3000 Series: Business and Noninstructional Operations

  • 3000 Concepts and Roles in Business
  • 3100 Budget Planning Preparation and Adoption
  • 3300 Purchasing (and other discretionary policies related to cooperative purchasing, shared services etc.)
  • 3510 Operation and Maintenance of Plant
  • 3600 Evaluation of Business and Noninstructional Operations

These policies communicate various aspects of the board’s fiscal responsibilities and priorities. The general policies on concepts and roles, budget planning and evaluation can be expanded to task the business administrator or create a technology team to explore the district long-range and short-term technology needs, and create reporting requirements to the board regarding technology priorities that are justified and linked to consistent annual funding streams.

Purchasing policies can be added or amended to specifically cover creative financing strategies like leveraging business-school partnerships, cooperative purchasing and shared services that financially support a sustainable technology program. Operation and maintenance polices can include sections specifically related to planning for the selection and/or replacement of equipment, software, hardware, infrastructure and Internet service providers, and the regular review and maintenance of the district’s or school’s technology.
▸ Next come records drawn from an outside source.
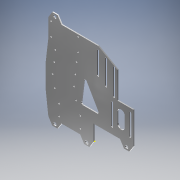
# Autodesk Inventor part: base_plate
Saved by Autodesk Inventor 2018 (Build 220112000, 112)
## iProperties
Created: 2018-04-04
Part Number: base_plate
Material: アルミニウム 6061
Document SubType Name: モデリング
Designer: NaMACHAN
Density: 2.7 g/cm^3
Appearance: アルミニウム - フラット
Sheet Metal Rule: Default
Mass: 92.2429 g
Surface Area: 369.048 cm^2
Volume: 34.164 cm^3
Author: NaMACHAN
Autodesk Inventor part; units mm, degrees
ref_plane "YZ Plane" through (0, 0, 0) normal (1, 0, 0) x (0, 1, 0)
ref_plane "XZ Plane" through (0, 0, 0) normal (0, 1, 0) x (-1, 0, 0)
ref_plane "XY Plane" through (0, 0, 0) normal (0, 0, 1) x (1, 0, 0)
sketch "スケッチ1" plane through (0, 0, 0) normal (0, 1, 0) x (-1, 0, 0)
  line L0 (85, 0) -> (90, 42)
  line L1 (90, 42) -> (90, 84)
  line L2 (90, 84) -> (85, 126)
  line L3 (-45, 90) -> (-45, 140)
  line L4 (0, 0) -> (0, 30)
  line L5 (-75, 90) -> (-45, 90)
  line L6 (77.5, 173) -> (67.5, 173)
  line L7 (60, 161) -> (67.5, 173)
  line L8 (85, 0) -> (77.5, -12)
  line L9 (77.5, -12) -> (67.5, -12)
  line L10 (67.5, -12) -> (60, 0)
  line L11 (60, 0) -> (25, 0)
  line L12 (25, 0) -> (17.5, -12)
  line L13 (17.5, -12) -> (7.5, -12)
  line L14 (7.5, -12) -> (0, 0)
  line L15 (0, 30) -> (-50, 30)
  line L16 (-50, 30) -> (-57.5, 18)
  line L17 (-57.5, 18) -> (-67.5, 18)
  line L18 (-67.5, 18) -> (-75, 30)
  line L19 (-75, 90) -> (-75, 30)
  line L20 (60, 161) -> (-8.6269, 161)
  line L21 (77.5, 173) -> (85, 161)
  line L22 (85, 161) -> (85, 126)
  line L23 (-8.6269, 161) -> (-19.0192, 155)
  line L24 (-19.0192, 155) -> (-32.0096, 162.5)
  line L25 (-32.0096, 162.5) -> (-40.6699, 157.5)
  line L26 (-40.6699, 157.5) -> (-40.6699, 142.5)
  line L27 (-40.6699, 142.5) -> (-45, 140)
  line L28 (-40.6699, 142.5) -> (-47.1651, 153.75) construction
  line L29 (-40.6699, 157.5) -> (-47.1651, 153.75) construction
  line L30 (-32.0096, 162.5) -> (-25.5144, 166.25) construction
  line L31 (-25.5144, 166.25) -> (-19.0192, 155) construction
  dimension "d219" = 30
  dimension "d224" = 10
  dimension "d227" = 7.5
  dimension "d233" = 10
  dimension "d234" = 10
  dimension "d235" = 7.5
  dimension "d236" = 7.5
  dimension "d238" = 7.5
  dimension "d240" = 10
  dimension "d241" = 7.5
  dimension "d242" = 12
  dimension "d276" = 7.5
  dimension "d277" = 60
  dimension "d278" = 5
  dimension "d282" = 42
  dimension "d283" = 42
  dimension "d284" = 42
  dimension "d285" = 7.5
  dimension "d286" = 12
  dimension "d287" = 7.5
  dimension "d288" = 90
  dimension "d290" = 30
  dimension "d302" = 35
  dimension "d303" = 130
  dimension "d346" = 50
  dimension "d347" = 12
  dimension "d349" = 150
  dimension "d350" = 10
  dimension "d352" = 30
  dimension "d353" = 7.5
  dimension "d354" = 7.5
  dimension "d355" = 5
  constraints: 64 end point, 5 horizontal alignment, 4 horizontal, 4 parallel, 4 perpendicular, 4 vertical, 2 collinear, 2 vertical alignment, 1 coincident, 1 point on line
  measures "d219" distance of L5.start L3.start
  measures "d224" distance of L6.start L6.end
  measures "d227" horizontal distance of L6.end L7.start
  measures "d233" distance of L8.end L9.end
  measures "d234" distance of L12.end L13.end
  measures "d235" horizontal distance of L0.start L8.end
  measures "d236" horizontal distance of point (0, 0) L13.end
  measures "d238" horizontal distance of L10.end L9.end
  measures "d240" distance of L16.end L17.end
  measures "d241" horizontal distance of L16.end L15.end
  measures "d242" distance from line of L18.end L17
  measures "d276" horizontal distance of L18.end L17.end
  measures "d277" distance of L5.start L18.end
  measures "d278" distance from line of L1 L2.end
  measures "d282" vertical distance of L2.end L1.end
  measures "d283" distance of L0.end L1.end
  measures "d284" vertical distance of L0.start L0.end
  measures "d285" horizontal distance of L11.end L12.end
  measures "d286" distance from line of L0.start L9
  measures "d287" horizontal distance of L2.end L6.start
  measures "d288" distance between parallel lines of L1 L4
  measures "d290" distance of L4.start L4.end
  measures "d302" distance of L21.end L2.end
  measures "d303" distance from line of L22 L3.end
  measures "d346" distance of L3.start L3.end
  measures "d347" distance from line of L21.end L6
  measures "d349" angle of L20 L23
  measures "d350" distance of L24.end L25.end
  measures "d352" angle of L26 L28
  measures "d353" distance of L25.end L28.end
  measures "d354" distance of L24.end L30.end
  measures "d355" distance of L26.end L3.end
extrude "押し出し1" add sketch "スケッチ1" along normal blind 2
fillet "フィレット1" radius 2 3 edges at (-85, 1, 126) (0, 1, 0) (-85, 1, 0)
sketch "スケッチ8" plane through (0, 2, 0) normal (0, 1, 0) x (1, 0, 0)
  point P0 (0, 0)
  point P1 (-65, -9.5)
  point P2 (-25, -9.5)
  point P3 (-25, -30.5)
  point P4 (-65, -30.5)
  point P5 (-73, -51.5)
  point P6 (-33, -51.5)
  point P7 (-77, -72.5)
  point P8 (-37, -72.5)
  point P9 (-34, -93.5)
  point P10 (-74, -93.5)
  point P11 (-72, -114.5)
  point P12 (-32, -114.5)
  dimension "d132" = 40
  dimension "d133" = 40
  dimension "d134" = 40
  dimension "d135" = 40
  dimension "d136" = 40
  dimension "d137" = 40
  dimension "d138" = 9.5
  dimension "d139" = 25
  dimension "d141" = 21
  dimension "d143" = 21
  dimension "d144" = 21
  dimension "d145" = 21
  dimension "d146" = 21
  dimension "d147" = 8
  dimension "d148" = 4
  dimension "d149" = 3
  dimension "d150" = 2
  constraints: 6 horizontal alignment, 1 vertical alignment
  measures "d132" distance of point (-25, -9.5) point (-65, -9.5)
  measures "d133" distance of point (-65, -30.5) point (-25, -30.5)
  measures "d134" distance of point (-73, -51.5) point (-33, -51.5)
  measures "d135" distance of point (-77, -72.5) point (-37, -72.5)
  measures "d136" distance of point (-34, -93.5) point (-74, -93.5)
  measures "d137" distance of point (-32, -114.5) point (-72, -114.5)
  measures "d138" vertical distance of point (0, 0) point (-25, -9.5)
  measures "d139" horizontal distance of point (0, 0) point (-25, -9.5)
  measures "d141" distance of point (-25, -30.5) point (-25, -9.5)
  measures "d143" vertical distance of point (-33, -51.5) point (-25, -30.5)
  measures "d144" vertical distance of point (-37, -72.5) point (-33, -51.5)
  measures "d145" vertical distance of point (-34, -93.5) point (-37, -72.5)
  measures "d146" vertical distance of point (-32, -114.5) point (-34, -93.5)
  measures "d147" horizontal distance of point (-25, -30.5) point (-33, -51.5)
  measures "d148" horizontal distance of point (-37, -72.5) point (-33, -51.5)
  measures "d149" horizontal distance of point (-34, -93.5) point (-37, -72.5)
  measures "d150" horizontal distance of point (-34, -93.5) point (-32, -114.5)
hole "穴6" at (-65, 2, 9.5) at (-25, 2, 9.5) at (-25, 2, 30.5) at (-65, 2, 30.5) at (-73, 2, 51.5) at (-33, 2, 51.5) at (-77, 2, 72.5) at (-37, 2, 72.5) at (-34, 2, 93.5) at (-74, 2, 93.5) at (-72, 2, 114.5) at (-32, 2, 114.5) direction (0, -1, 0) diameter 3 end through all
sketch "スケッチ11" plane through (0, 2, 0) normal (0, 1, 0) x (1, 0, 0)
  line L0 (25.6269, -93) -> (25.6269, -141)
  arc A0 (21.6269, -141) -> (25.6269, -141) centre (23.6269, -141) ccw
  line L1 (21.6269, -141) -> (21.6269, -93)
  arc A1 (25.6269, -93) -> (21.6269, -93) centre (23.6269, -93) ccw
  line L2 (-4.3731, -113) -> (-4.3731, -153)
  arc A2 (-8.3731, -153) -> (-4.3731, -153) centre (-6.3731, -153) ccw
  line L3 (-8.3731, -153) -> (-8.3731, -113)
  arc A3 (-4.3731, -113) -> (-8.3731, -113) centre (-6.3731, -113) ccw
  arc A4 (6.6269, -147) -> (10.6269, -147) centre (8.6269, -147) ccw
  line L4 (6.6269, -147) -> (6.6269, -103)
  arc A5 (10.6269, -103) -> (6.6269, -103) centre (8.6269, -103) ccw
  line L5 (10.6269, -103) -> (10.6269, -147)
  line L6 (-60, -161) -> (8.6269, -161) projected
  point P0 (0, 0)
  point P1 (50, -163)
  dimension "d194" = 2
  dimension "d198" = 2
  dimension "d295" = 2
  dimension "d298" = 2
  dimension "d308" = 8
  dimension "d309" = 15
  dimension "d311" = 15
  dimension "d314" = 40
  dimension "d315" = 10
  dimension "d316" = 10
  dimension "d319" = 6
  dimension "d320" = 6
  dimension "d348" = 15
  constraints: 12 end point, 12 point on circle, 9 tangent, 6 centre point, 3 parallel, 3 vertical, 2 horizontal alignment
  measures "d194" radius of A1
  measures "d198" radius of A2
  measures "d295" radius of A5
  measures "d298" radius of A4
  measures "d308" distance from line of L6 A2.centre
  measures "d309" horizontal distance of A2.centre A4.centre
  measures "d311" horizontal distance of A4.centre A0.centre
  measures "d314" distance of A2.centre A3.centre
  measures "d315" vertical distance of A3.centre A5.centre
  measures "d316" vertical distance of A1.centre A5.centre
  measures "d319" vertical distance of A2.centre A4.centre
  measures "d320" vertical distance of A0.centre A4.centre
  measures "d348" horizontal distance of L6.end A2.centre
extrude "押し出し3" cut sketch "スケッチ11" against normal blind 3
sketch "スケッチ12" plane through (0, 2, 0) normal (0, 1, 0) x (1, 0, 0)
  point P0 (0, 0)
sketch "スケッチ13" plane through (0, 2, 0) normal (0, 1, 0) x (1, 0, 0)
  line L0 (67, -82) -> (67, -43)
  arc A0 (71, -43) -> (67, -43) centre (69, -43) ccw
  line L1 (71, -43) -> (71, -82)
  arc A1 (67, -82) -> (71, -82) centre (69, -82) ccw
  line L2 (37, -82) -> (37, -43)
  arc A2 (37, -43) -> (33, -43) centre (35, -43) ccw
  line L3 (33, -43) -> (33, -82)
  arc A3 (33, -82) -> (37, -82) centre (35, -82) ccw
  line L4 (45, -90) -> (75, -90) projected
  line L5 (50, -30) -> (0, -30) projected
  line L6 (75, -90) -> (75, -30) projected
  point P0 (0, 0)
  dimension "d205" = 2
  dimension "d206" = 2
  dimension "d208" = 8
  dimension "d210" = 34
  dimension "d292" = 6
  dimension "d344" = 13
  constraints: 8 end point, 8 point on circle, 8 tangent, 4 centre point, 2 horizontal alignment, 2 parallel, 2 vertical
  measures "d205" radius of A3
  measures "d206" radius of A1
  measures "d208" distance from line of L4 A1.centre
  measures "d210" distance of A0.centre A2.centre
  measures "d292" distance from line of L6 A0.centre
  measures "d344" vertical distance of L6.end A0.centre
extrude "押し出し4" cut sketch "スケッチ13" against normal blind 10
sketch "スケッチ14" plane through (0, 0, 0) normal (0, -1, 0) x (1, 0, 0)
  line L0 (-67.5, 173) -> (-77.5, 173) projected
  line L1 (-77.5, -12) -> (-67.5, -12) projected
  line L2 (-17.5, -12) -> (-7.5, -12) projected
  line L3 (57.5, 18) -> (67.5, 18) projected
  line L4 (40.6699, 157.5) -> (32.0096, 162.5) projected
  line L5 (33.8397, 155.6699) -> (29.5096, 158.1699) construction
  line L6 (29.5096, 158.1699) -> (32.0096, 162.5) construction
  point P0 (0, 0)
  point P1 (-72.5, -7)
  point P2 (-12.5, -7)
  point P3 (-72.5, 168)
  point P4 (62.5, 23)
  point P5 (-72.5, 173)
  point P6 (-72.5, -12)
  point P7 (-12.5, -12)
  point P8 (62.5, 18)
  dimension "d245" = 5
  dimension "d246" = 5
  dimension "d247" = 5
  dimension "d248" = 5
  dimension "d356" = 5
  dimension "d357" = 5
  constraints: 4 end point, 4 midpoint, 4 vertical alignment, 2 perpendicular
  measures "d245" distance from line of point (-72.5, 168) L0
  measures "d246" distance from line of L1 point (-72.5, -7)
  measures "d247" distance of point (-12.5, -12) point (-12.5, -7)
  measures "d248" distance from line of L3 point (62.5, 23)
  measures "d356" distance from line of L4 L5.start
  measures "d357" distance of L5.start L5.end
hole "穴9" at (-72.5, 0, 168) at (-72.5, 0, -7) at (-12.5, 0, -7) at (62.5, 0, 23) at (33.8397, 0, 155.6699) direction (0, 1, 0) diameter 6 end through all
sketch "スケッチ16" plane through (0, 2, 0) normal (0, 1, 0) x (1, 0, 0)
  line L0 (-12.0233, -91.3731) -> (9.2654, -54.5)
  arc A0 (9.2654, -54.5) -> (6.6673, -50) centre (6.6673, -53) ccw
  line L1 (6.6673, -50) -> (-20, -50)
  arc A1 (-20, -50) -> (-22.5981, -54.5) centre (-20, -53) ccw
  line L2 (-22.5981, -54.5) -> (-17.9767, -91.3731)
  arc A2 (-17.9767, -91.3731) -> (-12.0233, -91.3731) centre (-15, -91) ccw
  line L3 (50, -30) -> (0, -30) projected
  line L4 (-60, -161) -> (8.6269, -161) projected
  line L5 (-85, -126.1186) -> (-85, -161) projected
  point P0 (0, 0)
  dimension "d264" = 20
  dimension "d266" = 20
  dimension "d267" = 3
  dimension "d268" = 3
  dimension "d269" = 3
  dimension "d270" = 120
  dimension "d271" = 120
  dimension "d317" = 70
  dimension "d318" = 70
  constraints: 6 end point, 6 point on circle, 4 tangent, 3 centre point, 1 horizontal, 1 horizontal alignment
  measures "d264" distance between parallel lines of L3 L1
  measures "d266" horizontal distance of A1.centre L3.end
  measures "d267" radius of A1
  measures "d268" radius of A0
  measures "d269" radius of A2
  measures "d317" distance from line of L4 A2.centre
  measures "d318" distance from line of L5 A2.centre
extrude "押し出し6" cut sketch "スケッチ16" against normal blind 10
sketch "スケッチ17" plane through (0, 2, 0) normal (0, 1, 0) x (1, 0, 0)
  point P0 (0, 0)
sketch "スケッチ18" plane through (0, 2, 0) normal (0, 1, 0) x (1, 0, 0)
  line L0 (45, -53) -> (45, -72)
  arc A0 (45, -72) -> (59, -72) centre (52, -72) ccw
  line L1 (59, -72) -> (59, -53)
  arc A1 (59, -53) -> (45, -53) centre (52, -53) ccw
  line L2 (37, -43) -> (37, -82) projected
  line L3 (67, -82) -> (67, -43) projected
  point P0 (0, 0)
  dimension "d321" = 30
  dimension "d322" = 15
  dimension "d323" = 10
  dimension "d324" = 10
  dimension "d325" = 7
  constraints: 4 end point, 4 point on circle, 4 tangent, 2 centre point, 1 parallel, 1 vertical
  measures "d321" distance between parallel lines of L2 L3
  measures "d322" distance from line of L3 A1.centre
  measures "d323" vertical distance of L3.start A0.centre
  measures "d324" vertical distance of L3.end A1.centre
  measures "d325" radius of A0
extrude "押し出し7" cut sketch "スケッチ18" against normal blind 10
sketch "スケッチ19" plane through (0, 2, 0) normal (0, 1, 0) x (1, 0, 0)
  line L0 (-60, -161) -> (8.6269, -161) projected
  line L1 (-85, -126.1186) -> (-85, -161) projected
  point P0 (-79.92, -131.79)
  point P1 (-29.12, -131.79)
  point P2 (-29.12, -157.19)
  point P3 (-79.92, -157.19)
  dimension "d333" = 50.8
  dimension "d334" = 25.4
  dimension "d335" = 3.81
  dimension "d336" = 5.08
  constraints: 2 horizontal alignment, 2 vertical alignment
  measures "d333" distance of point (-79.92, -157.19) point (-29.12, -157.19)
  measures "d334" distance of point (-79.92, -131.79) point (-79.92, -157.19)
  measures "d335" distance from line of L0 point (-79.92, -157.19)
  measures "d336" distance from line of L1 point (-79.92, -157.19)
hole "穴10" at (-79.92, 2, 157.19) at (-79.92, 2, 131.79) at (-29.12, 2, 131.79) at (-29.12, 2, 157.19) direction (0, -1, 0) diameter 3 end through all

4000 Series: Personnel 4131/4131.1

Professional Development is already a long and detailed policy statement that specifies the procedures and practices required for the board’s legal obligation to support the fulfillment of 20 hours of professional development for teaching staff members annually. This policy may be supplemented with a regulation that describes opportunities your district offers for staff involvement in professional learning communities that enable educators to collaborate, share best practices and integrate 21st century skills into classroom practice and/or opportunities for alternative, personalized models of professional development enabled through technology and social media.

6000 Series – Instruction

Board policies covering curriculum design and development (file code 6141) can be augmented to describe curriculum and teaching strategies that provide students with digital learning choices and experiences in every class, as well as anywhere-anytime learning support through the school network. In updating the district curriculum, the board can create the expectation that the selection of materials and courses of study that leverage technology and digital learning in the teaching and learning process are important priorities.

Policy development is an essential board responsibility that sets the direction and the priorities for the district’s educational program. An educational program that supports the kind of student achievement that leads to individual success and, by extension, the overall success of our society, must keep pace with the technological innovations that are here now and changing rapidly.

Policy development is a thoughtful, well-researched and methodical process that creates clear, legal and workable direction for your educational program. Most school districts are already operating educational programs where students use various forms of innovative technology on a regular basis in their school work. Moving one step at a time is always the best approach for supporting large transitions in school culture. As policies come to the board table for review, consider ways that you can describe existing or new initiatives that support a progressive emphasis on cultivating your digital learning environment. As always, the NJSBA policy staff is available to help districts with projects, provide research, and supply or develop policy language to meet district needs.